Dental care of individuals with ectodermal dysplasias is challenging, but may profit tremendously from novel biomaterials and oral rehabilitation strategies. Treatment during childhood ranges from tooth shape corrections using composite build-ups to removable partial or complete dental prostheses and orthodontic appliances. Presurgical infant orthopedics and maxillofacial surgery are required for cleft palate repair (in case of p63-associated syndromes). If many secondary teeth are absent, orthodontic space closure as well as teeth distribution to improve prosthetic restoration will be helpful. This is often accompanied by maxillofacial surgery preparing the jawbone for dental implants. Alternatively, autogenous tooth transplantation may be considered.

Present-day prosthodontic rehabilitation concepts frequently include the replacement of at least some missing teeth by endosseous implants. As a result of hypo- or even anodontia, however, the bony ridge of the jaw that normally holds the teeth in place fails to develop properly. Therefore, bone grafting is a common prerequisite for implant surgery in patients with ectodermal dysplasias (Chrcanovic, 2018). Guided alveolar ridge augmentation involves the transplantation of bone from another site of the body, donor bone, or synthetic bone substitute that is covered with a semi-permeable membrane. Natural osteogenesis then leads to a new bony base for the implant (Chrcanovic, 2018). Stability and long-term survival of dental implants depend on their osseointegration. Various small molecules with osteoinductive activity have been investigated that induce for example bone morphogenetic protein-2 signaling or the Wnt pathway. Such small molecule drugs can be administered together with biomaterials and direct the differentiation of target cells, improve survival of the newly formed tissue in the body, or stimulate endogenous stem cells to enhance tissue repair (Lu and Atala, 2014).

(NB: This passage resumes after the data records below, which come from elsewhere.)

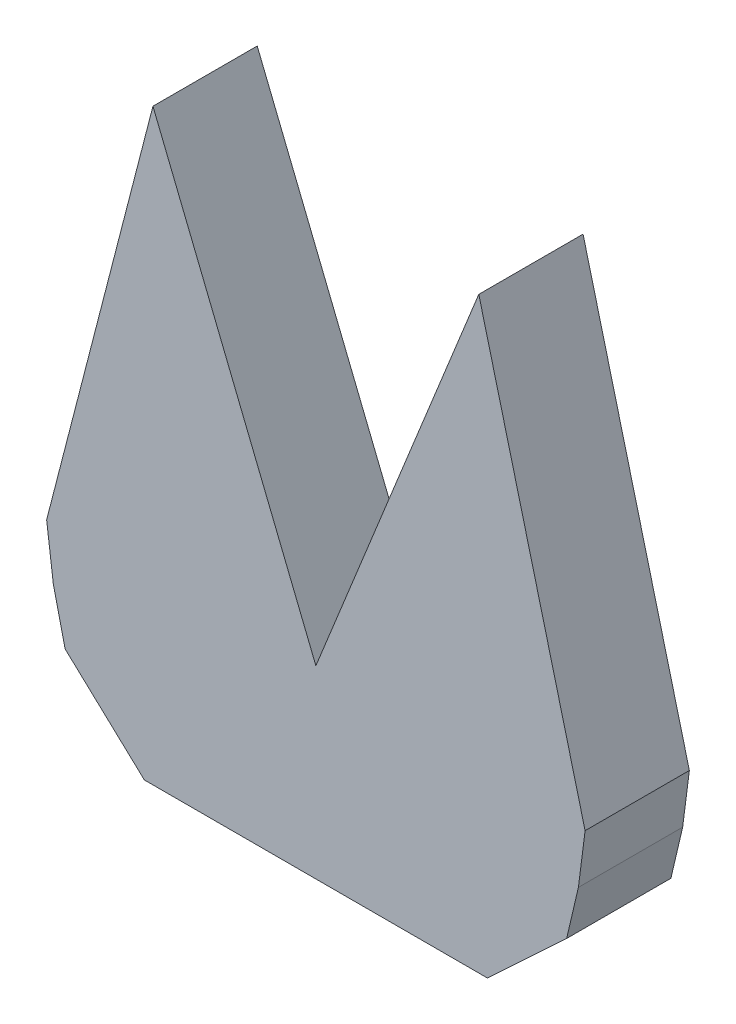
from build123d import *

# Parameters (mm, degrees)
BOSS_EXTRUDE1_DEPTH = 24


with BuildPart() as part:
    # Sketch4 → Boss-Extrude1 (new body)
    with BuildSketch(Plane.XY):
        Polygon((39.48, 0), (-39.48, 0), (-57.72489212, 16.99649249), (-60.433223771, 28.545236268), (-61.974925887, 40.617187081), (-37.504287486, 135.306298684), (0, 42.508472631), (37.504287486, 135.306298684), (61.974925887, 40.617187081), (60.433223771, 28.545236268), (57.72489212, 16.99649249), align=None)
    extrude(amount=BOSS_EXTRUDE1_DEPTH)


solid = part.part
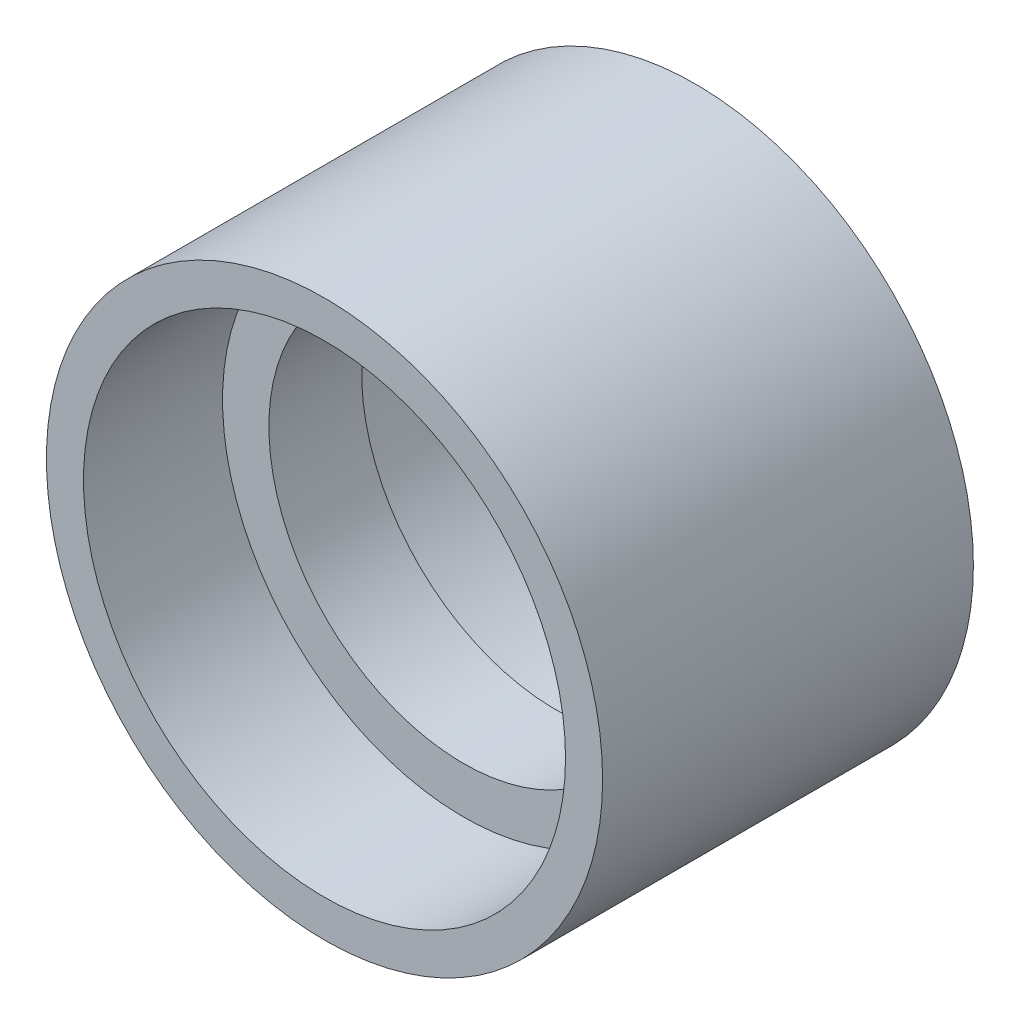
from build123d import *


with BuildPart() as part:
    # Эскиз1 → Повернуть1 (revolve)
    with BuildSketch(Plane(origin=(0, 0, 0), x_dir=(0, 0, -1), z_dir=(1, 0, 0))):
        Polygon((20, 30), (20, 26), (5, 26), (5, 21), (0, 21), (0, 30), align=None)
    revolve(axis=Axis((0, 0, 1000), (0, 0, -1)))

    # Зеркальное отражение1: part across plane


with BuildPart() as part_1:
    add(part.part)
    add(part.part.mirror(Plane(origin=(0, 21, 0), x_dir=(1, 0, 0), z_dir=(0, 0, -1))))


solid = part_1.part

Today the outcome of multidisciplinary dental care is usually satisfactory and sometimes astonishing (Figure 2). This has contributed to increased self-esteem of children, adolescents, and adults with ectodermal dysplasias.

FIGURE 2

Oral rehabilitation in a woman with ectodermal dysplasia missing 14 permanent teeth. (A), affected female adolescent before multidisciplinary dental treatment. (B), results of prostodontic rehabilitation. (Photos: Prof. Dr. Stephan Eitner, Department of Prosthodontics, and Dr. Dr. Ines Willershausen, Department of Orthodontics and Orofacial Orthopedics, University Hospital Erlangen).

Conclusion

Therapeutic perspectives for individuals affected by ectodermal dysplasias have become exciting. Drug targeting via the neonatal Fc receptor may cure a so far immedicable genetic deficiency: the life-threatening inability to sweat associated with XLHED. Such treatment is efficient in utero, but without significant therapeutic effects if performed after birth. A pivotal clinical trial of fetal therapy that could lead to an approval of the new drug is now recruiting patients. In this study, Fc-EDA will be administered to XLHED-affected male fetuses, trying to confirm the clinical improvements we have seen in the first six boys treated in utero. Last but not least, the same drug delivery route might be usable for the treatment of other disorders of early development. Translational research is also paving the way to more effective regenerative therapies for skin and corneal lesions using patient-derived epidermal or limbal stem stells. Furthermore, dental treatment options based on novel biomaterials, replacement of missing jawbone, and prosthodontic rehabilitation exist that will help improve oral function in almost all individuals with ectodermal dysplasias.